====== STORED DATA
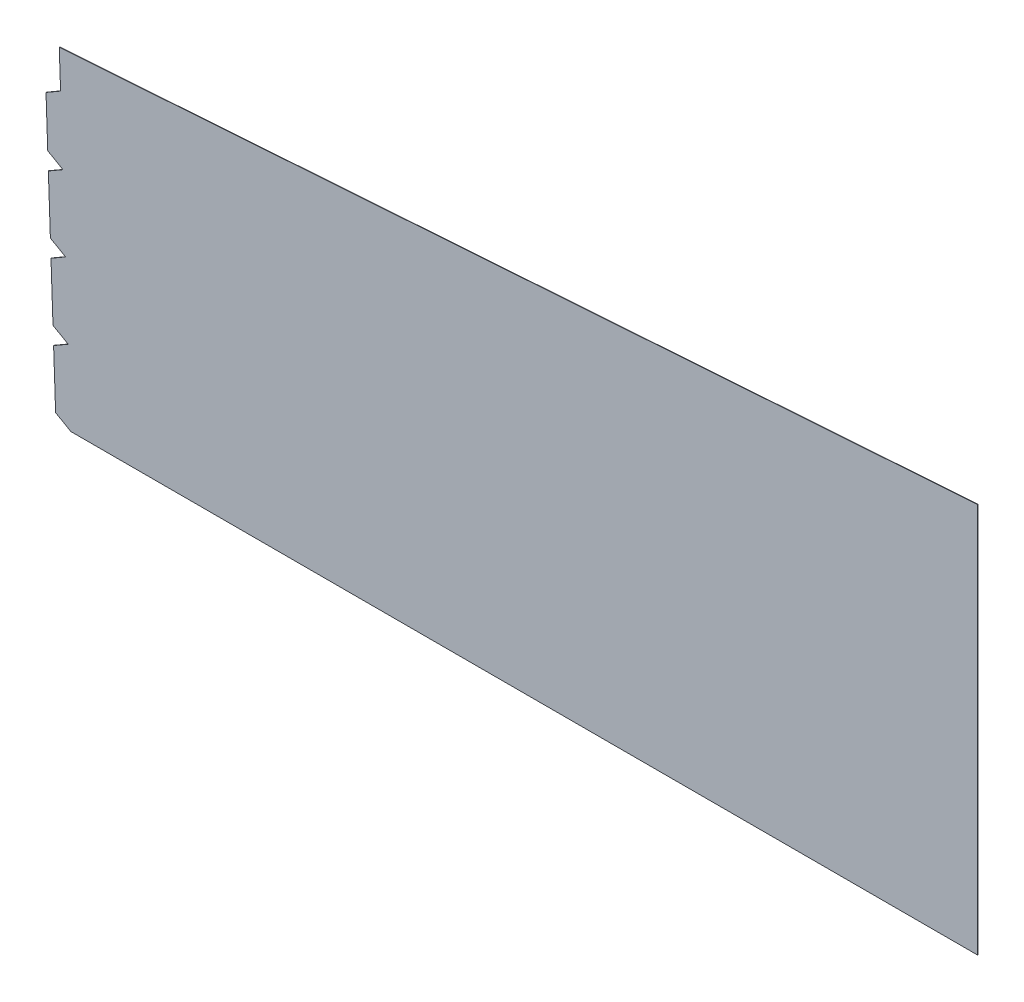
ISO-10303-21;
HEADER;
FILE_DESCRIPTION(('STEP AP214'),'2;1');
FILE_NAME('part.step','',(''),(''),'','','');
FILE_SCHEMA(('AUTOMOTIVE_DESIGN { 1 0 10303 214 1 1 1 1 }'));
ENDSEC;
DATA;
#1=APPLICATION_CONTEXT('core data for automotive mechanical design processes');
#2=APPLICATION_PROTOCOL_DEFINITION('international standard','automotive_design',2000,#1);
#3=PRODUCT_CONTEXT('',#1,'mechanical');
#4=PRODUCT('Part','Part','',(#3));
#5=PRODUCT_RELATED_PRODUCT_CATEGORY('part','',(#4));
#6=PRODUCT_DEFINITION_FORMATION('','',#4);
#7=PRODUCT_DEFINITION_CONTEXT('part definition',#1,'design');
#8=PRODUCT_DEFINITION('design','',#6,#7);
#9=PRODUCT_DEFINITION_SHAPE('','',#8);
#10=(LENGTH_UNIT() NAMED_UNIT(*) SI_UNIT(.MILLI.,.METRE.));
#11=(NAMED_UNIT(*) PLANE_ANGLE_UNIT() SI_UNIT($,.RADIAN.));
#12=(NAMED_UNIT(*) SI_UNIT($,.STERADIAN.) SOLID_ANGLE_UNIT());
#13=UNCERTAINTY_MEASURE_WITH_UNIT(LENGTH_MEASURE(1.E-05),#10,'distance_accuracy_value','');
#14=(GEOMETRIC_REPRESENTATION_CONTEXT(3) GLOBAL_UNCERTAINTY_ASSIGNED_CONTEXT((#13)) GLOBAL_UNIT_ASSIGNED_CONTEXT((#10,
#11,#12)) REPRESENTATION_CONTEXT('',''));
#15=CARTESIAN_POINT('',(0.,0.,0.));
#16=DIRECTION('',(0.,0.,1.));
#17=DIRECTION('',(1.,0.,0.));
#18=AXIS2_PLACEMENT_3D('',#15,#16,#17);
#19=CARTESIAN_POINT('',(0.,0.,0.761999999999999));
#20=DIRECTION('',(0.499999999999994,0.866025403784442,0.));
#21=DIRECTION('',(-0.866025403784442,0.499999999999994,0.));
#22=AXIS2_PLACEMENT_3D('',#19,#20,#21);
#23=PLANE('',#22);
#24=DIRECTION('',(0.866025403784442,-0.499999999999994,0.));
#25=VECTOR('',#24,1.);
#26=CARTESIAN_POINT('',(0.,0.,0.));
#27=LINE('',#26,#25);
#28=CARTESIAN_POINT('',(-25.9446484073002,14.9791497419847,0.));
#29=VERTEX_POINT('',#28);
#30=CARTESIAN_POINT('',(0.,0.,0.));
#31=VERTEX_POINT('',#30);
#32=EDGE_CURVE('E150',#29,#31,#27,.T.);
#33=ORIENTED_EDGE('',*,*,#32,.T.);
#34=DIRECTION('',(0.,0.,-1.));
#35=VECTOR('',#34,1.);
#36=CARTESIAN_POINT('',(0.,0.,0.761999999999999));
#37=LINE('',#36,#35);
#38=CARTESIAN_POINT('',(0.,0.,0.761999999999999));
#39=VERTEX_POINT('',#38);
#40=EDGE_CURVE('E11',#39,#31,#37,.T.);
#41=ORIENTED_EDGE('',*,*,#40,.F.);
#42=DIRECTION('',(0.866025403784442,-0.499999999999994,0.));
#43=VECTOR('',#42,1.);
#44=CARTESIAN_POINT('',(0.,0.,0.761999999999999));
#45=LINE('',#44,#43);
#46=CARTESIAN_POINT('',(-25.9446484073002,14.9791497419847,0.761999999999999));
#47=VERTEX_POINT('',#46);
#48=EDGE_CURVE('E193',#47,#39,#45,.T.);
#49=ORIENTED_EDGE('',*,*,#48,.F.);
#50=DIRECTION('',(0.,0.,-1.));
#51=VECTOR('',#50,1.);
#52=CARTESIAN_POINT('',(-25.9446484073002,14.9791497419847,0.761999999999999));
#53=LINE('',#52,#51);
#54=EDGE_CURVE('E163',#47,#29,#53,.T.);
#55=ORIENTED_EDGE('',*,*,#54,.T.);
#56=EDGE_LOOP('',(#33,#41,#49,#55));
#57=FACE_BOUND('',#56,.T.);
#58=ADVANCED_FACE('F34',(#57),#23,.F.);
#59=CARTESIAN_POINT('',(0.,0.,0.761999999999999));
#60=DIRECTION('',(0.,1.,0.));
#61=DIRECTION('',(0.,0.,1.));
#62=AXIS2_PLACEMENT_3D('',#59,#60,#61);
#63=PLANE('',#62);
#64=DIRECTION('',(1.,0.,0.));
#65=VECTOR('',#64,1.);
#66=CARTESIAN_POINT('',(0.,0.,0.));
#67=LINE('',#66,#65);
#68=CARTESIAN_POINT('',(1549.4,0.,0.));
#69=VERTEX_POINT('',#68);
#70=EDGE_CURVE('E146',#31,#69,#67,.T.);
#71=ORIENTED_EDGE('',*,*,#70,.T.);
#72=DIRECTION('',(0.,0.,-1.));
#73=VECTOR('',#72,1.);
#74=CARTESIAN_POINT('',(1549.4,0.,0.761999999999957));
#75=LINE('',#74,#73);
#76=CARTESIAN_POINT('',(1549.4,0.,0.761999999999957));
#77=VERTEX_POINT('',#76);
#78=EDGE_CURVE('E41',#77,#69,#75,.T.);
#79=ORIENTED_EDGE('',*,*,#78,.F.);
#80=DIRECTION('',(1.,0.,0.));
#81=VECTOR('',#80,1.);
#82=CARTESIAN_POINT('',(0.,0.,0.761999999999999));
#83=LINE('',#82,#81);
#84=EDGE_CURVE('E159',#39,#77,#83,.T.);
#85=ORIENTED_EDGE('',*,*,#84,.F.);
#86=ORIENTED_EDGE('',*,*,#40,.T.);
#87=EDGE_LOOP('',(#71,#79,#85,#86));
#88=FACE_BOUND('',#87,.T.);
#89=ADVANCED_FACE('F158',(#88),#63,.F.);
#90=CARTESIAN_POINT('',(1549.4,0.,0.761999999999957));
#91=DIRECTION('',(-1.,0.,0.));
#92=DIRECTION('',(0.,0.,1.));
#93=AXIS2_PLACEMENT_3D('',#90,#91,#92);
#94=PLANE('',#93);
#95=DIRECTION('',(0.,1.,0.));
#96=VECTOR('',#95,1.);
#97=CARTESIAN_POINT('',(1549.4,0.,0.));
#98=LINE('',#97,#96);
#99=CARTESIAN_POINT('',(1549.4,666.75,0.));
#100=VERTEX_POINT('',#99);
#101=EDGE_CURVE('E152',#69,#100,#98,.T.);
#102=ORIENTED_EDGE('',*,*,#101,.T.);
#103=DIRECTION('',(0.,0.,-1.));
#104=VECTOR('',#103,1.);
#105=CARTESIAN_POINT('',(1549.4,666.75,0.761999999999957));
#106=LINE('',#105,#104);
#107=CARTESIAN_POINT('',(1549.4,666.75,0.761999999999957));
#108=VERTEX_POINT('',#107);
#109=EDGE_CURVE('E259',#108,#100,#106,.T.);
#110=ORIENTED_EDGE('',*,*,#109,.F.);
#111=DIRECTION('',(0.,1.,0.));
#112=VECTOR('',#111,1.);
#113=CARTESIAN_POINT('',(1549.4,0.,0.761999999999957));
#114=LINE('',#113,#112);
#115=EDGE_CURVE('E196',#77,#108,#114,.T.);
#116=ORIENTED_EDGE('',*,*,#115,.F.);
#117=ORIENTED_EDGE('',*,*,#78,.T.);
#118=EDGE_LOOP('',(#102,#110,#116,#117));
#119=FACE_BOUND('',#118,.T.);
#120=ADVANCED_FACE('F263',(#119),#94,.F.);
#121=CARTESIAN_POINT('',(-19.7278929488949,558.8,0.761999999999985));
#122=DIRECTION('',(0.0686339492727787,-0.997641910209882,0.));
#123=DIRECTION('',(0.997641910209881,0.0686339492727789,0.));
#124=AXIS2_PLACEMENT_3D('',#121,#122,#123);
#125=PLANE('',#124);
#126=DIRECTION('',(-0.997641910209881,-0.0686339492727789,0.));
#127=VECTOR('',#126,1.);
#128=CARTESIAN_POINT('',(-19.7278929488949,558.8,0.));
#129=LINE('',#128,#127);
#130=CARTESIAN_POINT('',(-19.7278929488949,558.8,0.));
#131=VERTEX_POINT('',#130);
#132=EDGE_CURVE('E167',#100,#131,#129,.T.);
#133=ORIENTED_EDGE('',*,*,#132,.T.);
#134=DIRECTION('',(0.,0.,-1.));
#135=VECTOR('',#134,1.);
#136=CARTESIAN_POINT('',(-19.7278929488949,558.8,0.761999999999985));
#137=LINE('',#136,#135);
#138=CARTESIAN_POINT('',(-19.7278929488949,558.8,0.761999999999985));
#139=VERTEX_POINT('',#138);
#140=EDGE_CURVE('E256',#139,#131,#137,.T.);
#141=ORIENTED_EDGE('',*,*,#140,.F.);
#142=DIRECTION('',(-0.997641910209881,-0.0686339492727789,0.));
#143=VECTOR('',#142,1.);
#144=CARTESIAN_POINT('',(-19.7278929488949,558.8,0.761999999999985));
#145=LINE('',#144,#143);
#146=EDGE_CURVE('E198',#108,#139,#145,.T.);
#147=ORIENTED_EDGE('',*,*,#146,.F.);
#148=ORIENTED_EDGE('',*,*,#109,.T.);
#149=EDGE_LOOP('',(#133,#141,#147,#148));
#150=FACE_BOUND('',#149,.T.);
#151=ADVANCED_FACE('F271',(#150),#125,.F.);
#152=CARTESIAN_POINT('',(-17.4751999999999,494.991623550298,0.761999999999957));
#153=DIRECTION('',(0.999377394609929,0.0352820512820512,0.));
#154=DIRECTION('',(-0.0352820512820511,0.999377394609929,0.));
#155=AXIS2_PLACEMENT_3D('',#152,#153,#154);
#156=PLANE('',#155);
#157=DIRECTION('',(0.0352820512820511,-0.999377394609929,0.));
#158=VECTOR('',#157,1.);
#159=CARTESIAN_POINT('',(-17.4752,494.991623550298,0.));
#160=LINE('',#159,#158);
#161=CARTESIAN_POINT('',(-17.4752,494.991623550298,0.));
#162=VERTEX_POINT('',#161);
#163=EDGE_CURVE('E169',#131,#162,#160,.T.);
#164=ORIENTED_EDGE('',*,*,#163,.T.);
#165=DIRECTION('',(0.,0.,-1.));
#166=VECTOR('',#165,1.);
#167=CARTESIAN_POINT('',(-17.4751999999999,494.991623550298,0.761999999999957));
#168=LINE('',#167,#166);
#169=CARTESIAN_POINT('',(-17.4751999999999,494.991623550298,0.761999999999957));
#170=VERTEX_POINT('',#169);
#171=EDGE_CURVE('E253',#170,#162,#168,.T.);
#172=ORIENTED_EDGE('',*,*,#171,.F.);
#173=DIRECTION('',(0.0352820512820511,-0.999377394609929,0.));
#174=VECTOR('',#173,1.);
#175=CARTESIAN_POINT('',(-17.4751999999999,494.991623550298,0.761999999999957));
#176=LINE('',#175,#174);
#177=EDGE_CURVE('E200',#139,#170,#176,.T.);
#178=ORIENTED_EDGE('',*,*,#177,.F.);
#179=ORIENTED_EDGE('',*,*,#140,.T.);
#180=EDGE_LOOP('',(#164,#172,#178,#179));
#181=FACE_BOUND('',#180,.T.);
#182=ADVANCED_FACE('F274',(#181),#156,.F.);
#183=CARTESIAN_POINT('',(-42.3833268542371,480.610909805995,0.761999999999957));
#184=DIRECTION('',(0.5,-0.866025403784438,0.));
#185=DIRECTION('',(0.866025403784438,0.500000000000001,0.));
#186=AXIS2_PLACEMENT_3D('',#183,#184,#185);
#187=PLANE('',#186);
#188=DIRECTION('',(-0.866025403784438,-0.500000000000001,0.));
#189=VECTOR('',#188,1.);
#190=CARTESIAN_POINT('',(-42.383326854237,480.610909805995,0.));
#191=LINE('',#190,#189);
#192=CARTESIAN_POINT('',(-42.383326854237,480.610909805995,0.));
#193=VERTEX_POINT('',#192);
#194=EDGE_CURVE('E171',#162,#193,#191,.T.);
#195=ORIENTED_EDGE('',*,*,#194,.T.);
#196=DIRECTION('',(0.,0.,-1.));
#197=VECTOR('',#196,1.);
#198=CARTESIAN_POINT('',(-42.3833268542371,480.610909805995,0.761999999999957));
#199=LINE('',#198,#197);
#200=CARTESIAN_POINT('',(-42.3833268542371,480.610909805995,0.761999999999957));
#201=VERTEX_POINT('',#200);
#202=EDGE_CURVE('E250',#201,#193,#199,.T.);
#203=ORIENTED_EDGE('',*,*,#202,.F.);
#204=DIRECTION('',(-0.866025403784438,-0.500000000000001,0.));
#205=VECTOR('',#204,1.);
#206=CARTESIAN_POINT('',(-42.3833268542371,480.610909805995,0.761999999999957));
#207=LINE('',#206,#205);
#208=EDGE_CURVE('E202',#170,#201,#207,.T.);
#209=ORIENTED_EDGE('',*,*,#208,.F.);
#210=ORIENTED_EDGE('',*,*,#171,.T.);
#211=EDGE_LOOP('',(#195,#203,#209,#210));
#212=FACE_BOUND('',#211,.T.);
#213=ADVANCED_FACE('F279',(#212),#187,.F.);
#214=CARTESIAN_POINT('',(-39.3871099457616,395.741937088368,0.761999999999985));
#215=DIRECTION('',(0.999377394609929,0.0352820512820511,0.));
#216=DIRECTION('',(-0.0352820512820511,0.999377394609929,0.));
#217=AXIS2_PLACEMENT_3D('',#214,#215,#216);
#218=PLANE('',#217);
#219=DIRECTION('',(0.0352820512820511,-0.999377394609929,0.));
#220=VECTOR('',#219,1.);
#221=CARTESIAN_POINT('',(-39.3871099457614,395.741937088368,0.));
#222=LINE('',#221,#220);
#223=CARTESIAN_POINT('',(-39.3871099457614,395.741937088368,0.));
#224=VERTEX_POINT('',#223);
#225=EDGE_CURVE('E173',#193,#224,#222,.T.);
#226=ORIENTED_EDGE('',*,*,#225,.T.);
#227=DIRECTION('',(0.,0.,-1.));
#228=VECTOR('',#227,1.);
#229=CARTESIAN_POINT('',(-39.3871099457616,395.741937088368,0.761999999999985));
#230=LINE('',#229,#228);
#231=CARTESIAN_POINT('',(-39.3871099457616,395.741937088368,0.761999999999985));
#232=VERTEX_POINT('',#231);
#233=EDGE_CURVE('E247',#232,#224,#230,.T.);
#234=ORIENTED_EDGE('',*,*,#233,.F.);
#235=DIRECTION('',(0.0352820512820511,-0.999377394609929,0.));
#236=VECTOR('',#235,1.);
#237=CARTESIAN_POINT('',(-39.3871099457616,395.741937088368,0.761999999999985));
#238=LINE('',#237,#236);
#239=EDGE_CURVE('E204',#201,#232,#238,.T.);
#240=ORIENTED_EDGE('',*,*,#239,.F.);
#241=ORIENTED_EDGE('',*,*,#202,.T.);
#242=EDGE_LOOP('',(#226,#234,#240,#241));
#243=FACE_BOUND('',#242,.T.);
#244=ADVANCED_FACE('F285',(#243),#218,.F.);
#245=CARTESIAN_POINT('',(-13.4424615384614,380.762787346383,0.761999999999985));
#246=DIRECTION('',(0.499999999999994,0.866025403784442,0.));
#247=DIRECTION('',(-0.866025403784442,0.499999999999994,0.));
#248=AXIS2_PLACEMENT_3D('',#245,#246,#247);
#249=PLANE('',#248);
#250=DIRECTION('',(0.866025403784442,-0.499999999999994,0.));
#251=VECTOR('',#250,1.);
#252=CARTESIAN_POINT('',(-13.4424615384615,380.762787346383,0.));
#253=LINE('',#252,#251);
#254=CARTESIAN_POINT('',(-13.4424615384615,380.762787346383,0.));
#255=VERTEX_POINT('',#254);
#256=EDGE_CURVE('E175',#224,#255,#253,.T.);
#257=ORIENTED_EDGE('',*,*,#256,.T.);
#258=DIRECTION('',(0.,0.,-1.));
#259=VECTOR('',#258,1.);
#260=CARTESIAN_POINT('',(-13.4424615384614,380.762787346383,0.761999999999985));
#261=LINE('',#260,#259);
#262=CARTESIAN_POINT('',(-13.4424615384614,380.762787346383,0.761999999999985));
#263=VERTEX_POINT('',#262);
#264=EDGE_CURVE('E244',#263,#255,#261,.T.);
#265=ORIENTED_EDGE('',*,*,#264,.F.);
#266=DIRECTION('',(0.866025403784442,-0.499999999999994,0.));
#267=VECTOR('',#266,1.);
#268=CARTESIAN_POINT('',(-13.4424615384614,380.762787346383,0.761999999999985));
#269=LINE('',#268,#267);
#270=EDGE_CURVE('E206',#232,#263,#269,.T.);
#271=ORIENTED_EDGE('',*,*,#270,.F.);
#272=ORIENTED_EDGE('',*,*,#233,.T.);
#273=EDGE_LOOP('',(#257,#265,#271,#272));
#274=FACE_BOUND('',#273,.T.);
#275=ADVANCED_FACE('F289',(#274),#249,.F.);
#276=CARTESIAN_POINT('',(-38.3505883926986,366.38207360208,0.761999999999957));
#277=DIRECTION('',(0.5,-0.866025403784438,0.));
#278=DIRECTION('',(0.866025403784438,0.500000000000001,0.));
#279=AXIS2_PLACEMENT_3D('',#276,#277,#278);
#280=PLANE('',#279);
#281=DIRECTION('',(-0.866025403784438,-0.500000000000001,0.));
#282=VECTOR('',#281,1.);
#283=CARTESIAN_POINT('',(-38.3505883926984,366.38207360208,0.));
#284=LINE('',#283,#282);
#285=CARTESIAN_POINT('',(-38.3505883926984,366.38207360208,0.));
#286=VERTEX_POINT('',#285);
============
| PROMPT |
Restate word for word only the lines above from the line containing "#18=AXIS2_PLACEMENT_3D('',#15,#16,#17);" to the line containing "#23=PLANE('',#22);", both of them included.

| RESULT OF THIS EXERCISE |
#18=AXIS2_PLACEMENT_3D('',#15,#16,#17);
#19=CARTESIAN_POINT('',(0.,0.,0.761999999999999));
#20=DIRECTION('',(0.499999999999994,0.866025403784442,0.));
#21=DIRECTION('',(-0.866025403784442,0.499999999999994,0.));
#22=AXIS2_PLACEMENT_3D('',#19,#20,#21);
#23=PLANE('',#22);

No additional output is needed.